Common causes of damage to the facial nerve after exiting the cranial cavity: Facial trauma; Inflammatory process, swelling of the salivary gland; local cooling, often in combination with influenza infection (Bell's palsy); Inflammatory processes in the middle ear play an important role in the development of neuritis; Metabolic or infectious damage to nerves (polyneuropathy); Sometimes after tooth extraction under mandibular anesthesia (pain relief in dentistry during interventions on the teeth of the lower jaw); Diabetes mellitus (insufficient supply of glucose and blood to the nerve).

Slide 6

Symptoms of neuritis, neuropathy of the facial nerve. Neuritis of the facial nerve is clinically manifested by facial asymmetry as a result of paresis or paralysis of the muscles of the corresponding half of the face. On the side of the nerve lesion, the folds of the skin of the forehead are smoothed or absent, the palpebral fissure is widened, the nasolabial fold is smoothed and lowered, the lower lip hangs down. When showing teeth or laughing, the mouth is pulled to the healthy side. When opening the mouth, the angle on the process side is sharper than on the healthy side. When the eyebrows are raised upward, horizontal folds of the skin of the forehead are not formed, since the eyebrow of the paralyzed side does not rise.

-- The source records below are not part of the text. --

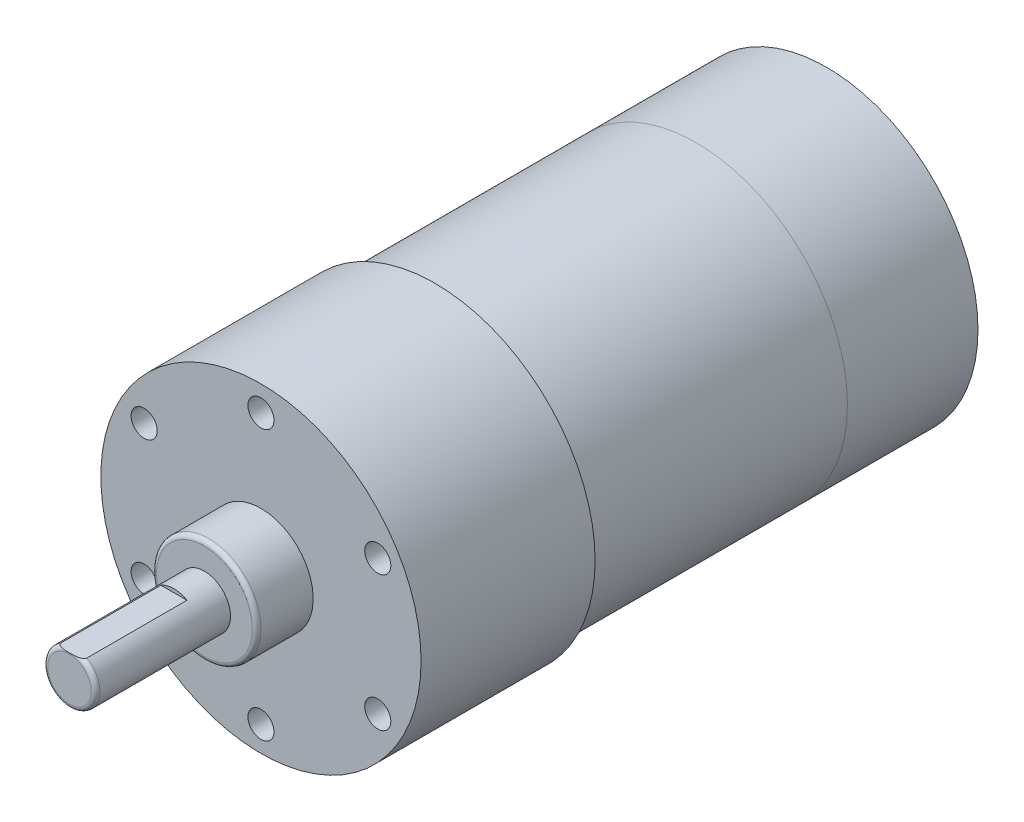
from build123d import *

# Parameters (mm, degrees)
SKETCH1_R                    = 18.4
BOSS_EXTRUDE1_DEPTH          = 20
SKETCH2_R                    = 17.4
BOSS_EXTRUDE2_DEPTH          = 30
SKETCH3_R                    = 6
BOSS_EXTRUDE3_DEPTH          = 6.5
FILLET1_R                    = 0.5
SKETCH4_R                    = 3
BOSS_EXTRUDE4_DEPTH          = 15.5
CUT_EXTRUDE1_START           = -12
CUT_EXTRUDE1_DEPTH           = 12
F_3_0_3_DIAMETER_HOLE1_D     = 3
F_3_0_3_DIAMETER_HOLE1_DEPTH = 3
F_3_0_3_DIAMETER_HOLE1_TIP   = 0.901290929
FILLET4_R                    = 0.5
CROQUIS1_R                   = 17.4
SALIENTE_EXTRUIR3_DEPTH      = 15


with BuildPart() as part:
    # Sketch1 → Boss-Extrude1 (new body)
    with BuildSketch(Plane.XY):
        Circle(SKETCH1_R)
    extrude(amount=BOSS_EXTRUDE1_DEPTH)

    # Sketch2 → Boss-Extrude2 (add)
    with BuildSketch(Plane(origin=(0, 0, 0), x_dir=(-1, 0, 0), z_dir=(0, 0, -1))):
        with Locations(Location((0, 0, 0), (0, 0, 180))):
            Circle(SKETCH2_R)
    extrude(amount=BOSS_EXTRUDE2_DEPTH)

    # Sketch3 → Boss-Extrude3 (add)
    with BuildSketch(Plane.XY.offset(20)):
        with Locations(Location((0, 0, 0), (0, 0, 180))):
            Circle(SKETCH3_R)
    extrude(amount=BOSS_EXTRUDE3_DEPTH)

    # Fillet1
    fillet1_edges = [part.edges().sort_by_distance(p)[0] for p in [
        (6, 0, 26.5),
    ]]
    fillet(fillet1_edges, radius=FILLET1_R)

    # Sketch4 → Boss-Extrude4 (add)
    with BuildSketch(Plane.XY.offset(26.5)):
        Circle(SKETCH4_R)
    extrude(amount=BOSS_EXTRUDE4_DEPTH)

    # Sketch5 → Cut-Extrude1 (cut)
    with BuildSketch(Plane.XY.offset(42).offset(CUT_EXTRUDE1_START)):
        with BuildLine():
            Line((-1.496662955, 2.6), (1.496662955, 2.6))
            ThreePointArc((1.496662955, 2.6), (0, 3), (-1.496662955, 2.6))
        make_face()
    extrude(amount=CUT_EXTRUDE1_DEPTH, mode=Mode.SUBTRACT)

    # Ø3.0 (3) Diameter Hole1
    with Locations(Plane.XY.offset(20)):
        with Locations((-13.423393759, 7.75), (-13.423393759, -7.75), (0, -15.5), (13.423393759, 7.75), (0, 15.5), (13.423393759, -7.75)):
            Hole(F_3_0_3_DIAMETER_HOLE1_D / 2, depth=F_3_0_3_DIAMETER_HOLE1_DEPTH)
            with Locations((0, 0, -(F_3_0_3_DIAMETER_HOLE1_DEPTH + F_3_0_3_DIAMETER_HOLE1_TIP / 2))):  # 118° drill point
                Cone(0, F_3_0_3_DIAMETER_HOLE1_D / 2, F_3_0_3_DIAMETER_HOLE1_TIP, mode=Mode.SUBTRACT)

    # Fillet4
    # the kernel refuses this fillet: 0.5 mm, written as the material it takes off along each edge
    with BuildSketch(Plane(origin=(0, 0, 42), x_dir=(0.46226557285945985, 0.8867415295050273, 0), z_dir=(0.8867415295050273, -0.46226557285945985, 0))) as fillet4_piece_1:
        with BuildLine():
            CenterArc((3 - FILLET4_R, -FILLET4_R), FILLET4_R, 0, 90)
            Line((3 - FILLET4_R, 0), (3 - FILLET4_R, FILLET4_R * 0.02))
            Line((3 - FILLET4_R, FILLET4_R * 0.02), (3 + FILLET4_R * 0.02, FILLET4_R * 0.02))
            Line((3 + FILLET4_R * 0.02, FILLET4_R * 0.02), (3 + FILLET4_R * 0.02, -FILLET4_R))
            Line((3 + FILLET4_R * 0.02, -FILLET4_R), (3, -FILLET4_R))
        make_face()
    revolve(axis=Axis((0, 0, 42), (0, 0, 1)), revolution_arc=297.533397677, mode=Mode.SUBTRACT)
    with BuildSketch(Plane(origin=(0, 0, 42), x_dir=(1, 0, 0), z_dir=(0, -1, 0))) as fillet4_piece_2:
        with BuildLine():
            CenterArc((3 - FILLET4_R, -FILLET4_R), FILLET4_R, 0, 90)
            Line((3 - FILLET4_R, 0), (3 - FILLET4_R, FILLET4_R * 0.02))
            Line((3 - FILLET4_R, FILLET4_R * 0.02), (3 + FILLET4_R * 0.02, FILLET4_R * 0.02))
            Line((3 + FILLET4_R * 0.02, FILLET4_R * 0.02), (3 + FILLET4_R * 0.02, -FILLET4_R))
            Line((3 + FILLET4_R * 0.02, -FILLET4_R), (3, -FILLET4_R))
        make_face()
    revolve(axis=Axis((0, 0, 42), (0, 0, 1)), revolution_arc=117.379597562, mode=Mode.SUBTRACT)


with BuildPart() as body_2:
    # Croquis1 → Saliente-Extruir3 (new body)
    with BuildSketch(Plane(origin=(0, 0, -30), x_dir=(-1, 0, 0), z_dir=(0, 0, -1))):
        Circle(CROQUIS1_R)
    extrude(amount=SALIENTE_EXTRUIR3_DEPTH)


solid = Compound([part.part, body_2.part])
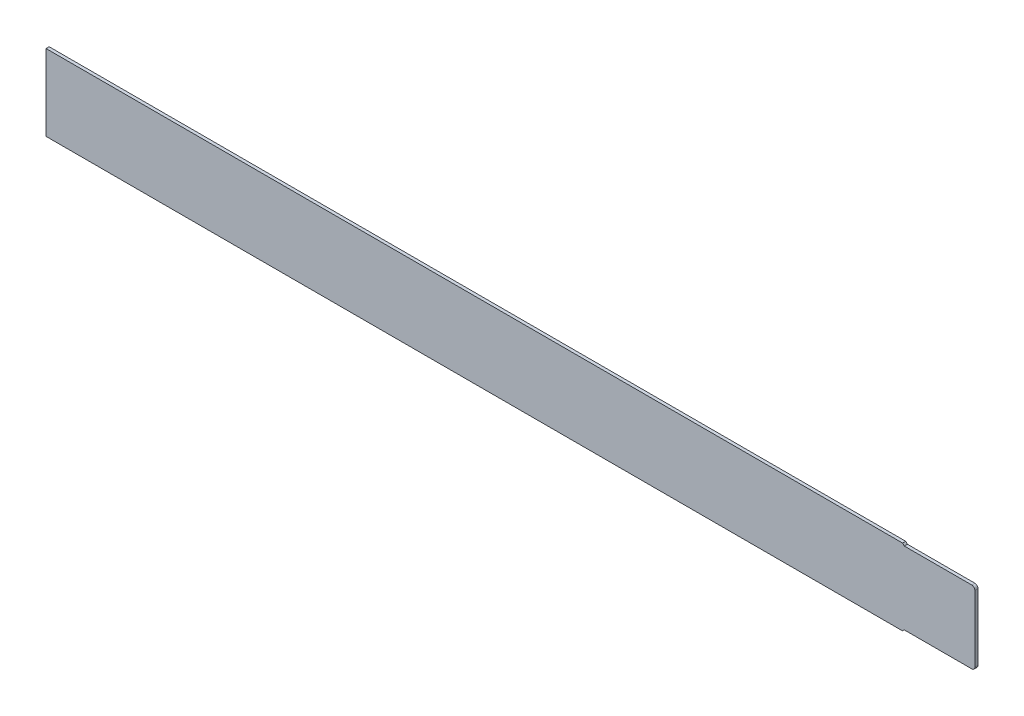
from build123d import *

# Parameters (mm, degrees)
BOSS_EXTRUDE1_DEPTH = 0.3
FILLET1_R           = 0.3
CHAMFER1_SIZE       = 0.2


with BuildPart() as part:
    # Sketch1 → Boss-Extrude1 (new body)
    with BuildSketch(Plane.XY):
        Polygon((0, 3.666), (-82.5, 3.666), (-82.5, -3.666), (0, -3.666), (0, -3.5), (7, -3.5), (7, 3.5), (0, 3.5), align=None)
    extrude(amount=BOSS_EXTRUDE1_DEPTH)

    # Fillet1
    fillet1_edges = [part.edges().sort_by_distance(p)[0] for p in [
        (7, 3.5, 0.15),
        (7, -3.5, 0.15),
    ]]
    fillet(fillet1_edges, radius=FILLET1_R)

    # Chamfer1
    # the kernel refuses this chamfer: 0.2 mm, written as the material it adds along each edge
    with BuildSketch(Plane(origin=(0, 3.5, 0), x_dir=(0.9996219169112966, -0.027495876610587326, 0), z_dir=(0, 0, 1))) as chamfer1_piece_1_section:
        Polygon((CHAMFER1_SIZE * 0.999621916911, CHAMFER1_SIZE * 0.0274958766106), (-CHAMFER1_SIZE * 0.0274958766106, CHAMFER1_SIZE * 0.999621916911), (0, 0), align=None)
    chamfer1_piece_1 = extrude(amount=0.3, mode=Mode.PRIVATE)
    chamfer1_piece_1 = split(chamfer1_piece_1, bisect_by=Plane(origin=(0.068475568, 3.666, 0.15), z_dir=(0, -1, 0)), keep=Keep.TOP, mode=Mode.PRIVATE)
    add(chamfer1_piece_1)
    with BuildSketch(Plane(origin=(0, -3.5, 0), x_dir=(0.9996219169112966, 0.02749587661058735, 0), z_dir=(0, 0, 1))) as chamfer1_piece_2_section:
        Polygon((CHAMFER1_SIZE * 0.999621916911, -CHAMFER1_SIZE * 0.0274958766106), (-CHAMFER1_SIZE * 0.0274958766106, -CHAMFER1_SIZE * 0.999621916911), (0, 0), align=None)
    chamfer1_piece_2 = extrude(amount=0.3, mode=Mode.PRIVATE)
    chamfer1_piece_2 = split(chamfer1_piece_2, bisect_by=Plane(origin=(0.068475568, -3.666, 0.15), z_dir=(0, 1, 0)), keep=Keep.TOP, mode=Mode.PRIVATE)
    add(chamfer1_piece_2)


solid = part.part

When closing the eyes, the eyelids do not close completely and the palpebral fissure on the side of the nerve lesion gapes. The patient cannot stretch out his lips, whistle, or kiss. While eating, food gets stuck between the paralyzed cheek and teeth. Superciliary, corneal and conjunctival reflexes are reduced or absent. Depending on the level of nerve damage, the described picture is accompanied by signs of taste disturbance in the area of ​​the anterior two-thirds of the tongue. A herpetic rash in the external auditory canal, increased tear production, and dry eyes are observed.

Slide 7

As a result of neuritis of the facial nerve, a disturbance in the conduction of nerve impulses from the brain to the facial muscles occurs, which is manifested by paresis or paralysis of these muscles.

Slide 8

Treatment of neuritis of the facial nerve Treatment is selected individually in each specific case. It includes a set of procedures: acupuncture, stimulation of the facial nerve and facial muscles (physical therapy and articulation exercises) UHF at the exit point of the facial nerve, vitamins “B”, “C” and “E” antiviral drugs, homeopathic remedies, etc.

Slide 9

In mild cases, facial neuritis may reverse within two to three weeks or even faster. In severe forms of paralysis, paralysis can be complicated by contracture of the affected muscles, manifested by a persistent increase in the tone of the facial muscles. Contractures of the facial muscles usually manifest themselves as a narrowing of the palpebral fissure, pulling upward the corner of the mouth on the affected side. In this case, unpleasant sensations and painful muscle spasms occur on the side of the paresis; it is important that any physical and emotional stress contributes to an even greater narrowing of the palpebral fissure and pulling up the corner of the mouth. In addition, lacrimation increases during chewing (a symptom of “crocodile tears”). At the same time, tics appear in the affected muscles. The result of treatment depends on how quickly the patient sought medical help, as well as on how carefully all recommendations for treatment and rehabilitation were followed.